Newsome argued in her briefs that the doctrine “was not created in order to provide protection to corrupt judges who use the law for their personal gain or to take financial advantage of a ward and disabled person.”
The U.S. Supreme Court has delineating the bounds of the doctrine in a series of cases, holding that immunity will not apply to (1) “non-judicial actions,” or (2) acts taken “in the clear absence of all jurisdiction.”
Newsome argued that the actions of Walker and Shoemake fell within those exceptions—and she went further by asking that the court “review the doctrine of judicial immunity de novo” if it concluded the judges were covered.

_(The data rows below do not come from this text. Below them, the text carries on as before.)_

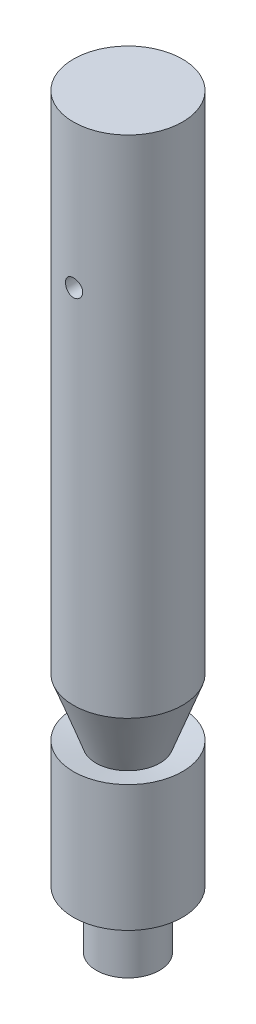
SolidWorks part; units mm, degrees
ref_plane "Alzado" through (0, 0, 0) normal (0, 0, 1) x (1, 0, 0)
ref_plane "Planta" through (0, 0, 0) normal (0, 1, 0) x (1, 0, 0)
ref_plane "Vista lateral" through (0, 0, 0) normal (1, 0, 0) x (0, 0, -1)
sketch "Croquis1" plane through (0, 0, 0) normal (0, 1, 0) x (1, 0, 0)
  circle A0 centre (0, 0) radius 9.5
  dimension "D1" = 19
extrude "Saliente-Extruir1" add sketch "Croquis1" along normal blind 120
sketch "Croquis2" plane through (0, 0, 0) normal (0, 0, 1) x (1, 0, 0)
  line L0 (-9.5, 22) -> (-9.5, 32)
  line L1 (-9.5, 120) -> (-9.5, 0) construction
  line L2 (-9.5, 32) -> (-5.5608, 21.3054)
  line L3 (-5.5608, 21.3054) -> (-9.5, 22)
  line L5 (-9.5, 0) -> (9.5, 0) construction
  dimension "D1" = 4
  dimension "D2" = 10
  dimension "D3" = 100
  dimension "D4" = 22
ref_axis "Eje1" through (0, 120, 0) along (0, -1, 0)
revolve "Cortar-Revolución1" cut sketch "Croquis2" angle 360 about axis through (0, 120, 0) along (0, -1, 0)
sketch "Croquis3" plane through (0, 0, 0) normal (0, -1, 0) x (1, 0, 0)
  circle A0 centre (0, 0) radius 5.5
  dimension "D1" = 11
extrude "Saliente-Extruir2" add sketch "Croquis3" along normal blind 10
sketch "Croquis4" plane through (0, -10, 0) normal (0, -1, 0) x (1, 0, 0)
  circle A0 centre (0, 0) radius 2.5
  dimension "D1" = 5
extrude "Cortar-Extruir1" cut sketch "Croquis4" against normal blind 110
sketch "Croquis5" plane through (0, 0, 0) normal (0, 0, 1) x (1, 0, 0)
  line L0 (0, 120) -> (0, 0) construction
  line L1 (9.5, 120) -> (-9.5, 120) construction
  circle A0 centre (0, 95) radius 1.5
  dimension "D1" = 3
  dimension "D2" = 25
extrude "Cortar-Extruir2" cut sketch "Croquis5" against normal blind 110 and the other way blind 110
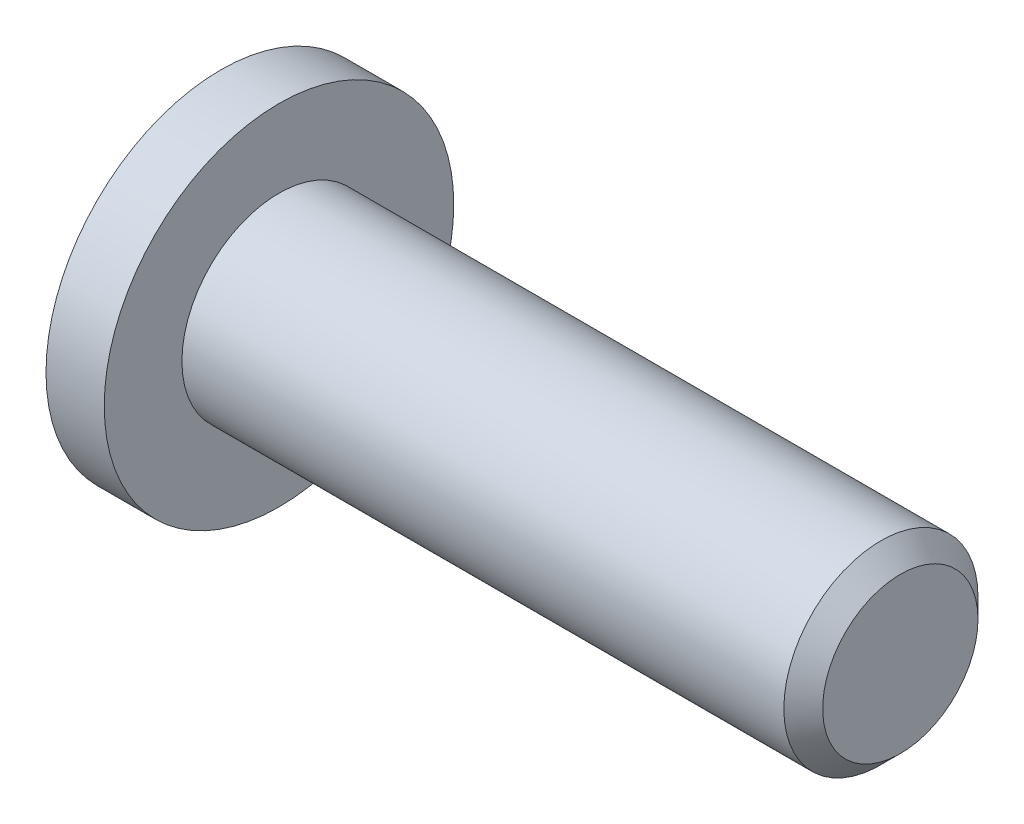
SolidWorks part; units mm, degrees
material "AISI 304"
ref_plane "Front Plane" through (0, 0, 0) normal (0, 0, 1) x (1, 0, 0)
ref_plane "Top Plane" through (0, 0, 0) normal (0, 1, 0) x (1, 0, 0)
ref_plane "Right Plane" through (0, 0, 0) normal (1, 0, 0) x (0, 0, -1)
sketch "Sketch1" plane through (0, 0, 0) normal (1, 0, 0) x (0, 0, -1)
  circle A0 centre (0, 0) radius 4.5
  dimension "D1" = 9
extrude "Head" add sketch "Sketch1" along normal blind 1.5
sketch "Sketch2" plane through (1.5, 0, 0) normal (1, 0, 0) x (0, 0, -1)
  circle A0 centre (0, 0) radius 2.5
  dimension "D1" = 5
extrude "Body" add sketch "Sketch2" along normal blind 16
cosmetic thread "Cosmetic Thread2" parameters "D1"=28, "D2"=4.11
sketch "Sketch3" plane through (0, 0, 0) normal (-1, 0, 0) x (0, 0, 1)
  line L1 (0, 1.7321) -> (-1.5, 0.866)
  line L2 (-1.5, 0.866) -> (-1.5, -0.866)
  line L3 (-1.5, -0.866) -> (0, -1.7321)
  line L4 (0, -1.7321) -> (1.5, -0.866)
  line L5 (1.5, -0.866) -> (1.5, 0.866)
  line L6 (1.5, 0.866) -> (0, 1.7321)
  circle A0 centre (0, 0) radius 1.5 construction
  dimension "D1" = 3
extrude "Drive" cut sketch "Sketch3" against normal blind 3
chamfer "Chamfer1" distance 0.5 angle 45 1 edges at (17.5, 0, -2.5)

In their briefs, the defendants said that was a short-sighted argument. Walker said the “importance of judicial immunity extends beyond its application to this suit and to this judge,” and Shoemake said Newsome’s request that the court “refashion” the doctrine was “inappropriate.”
Walker further asserted that the doctrine “protects the righteous as well as the dishonest,” and Shoemake contended that “immunity from suit is so absolute that it cannot be defeated by an allegation that the judge acted in a malicious, corrupt, or patently erroneous manner—or even pursuant to a conspiracy.”
The justices sided with the defendants, concluding that the doctrine clearly applied to their conduct.
Newsome also appealed a trial court order that denied her motion to disqualify the Mississippi Attorney General’s Office, which represented Shoemake in this matter because of his status as a sitting judge.
Newsome said the AG is tasked with prosecuting those who “exploit vulnerable persons,” and she argued that if the AG had investigated this matter, it represented her and was thus precluded from representing her adversary under Mississippi Rule of Professional Conduct 1.9 (duties to former clients).
The court disagreed. “Representation of Judge Shoemake as a public official was within the authority of the Attorney General,” it said. “Victoria Newsome was never and could never be a ‘client’ of the Attorney General as contemplated by the Mississippi Rules of Professional Conduct, since prosecution of cases is solely in the name of the State of Mississippi.”
The Stubbs Law Firm PLLC represented Newsome.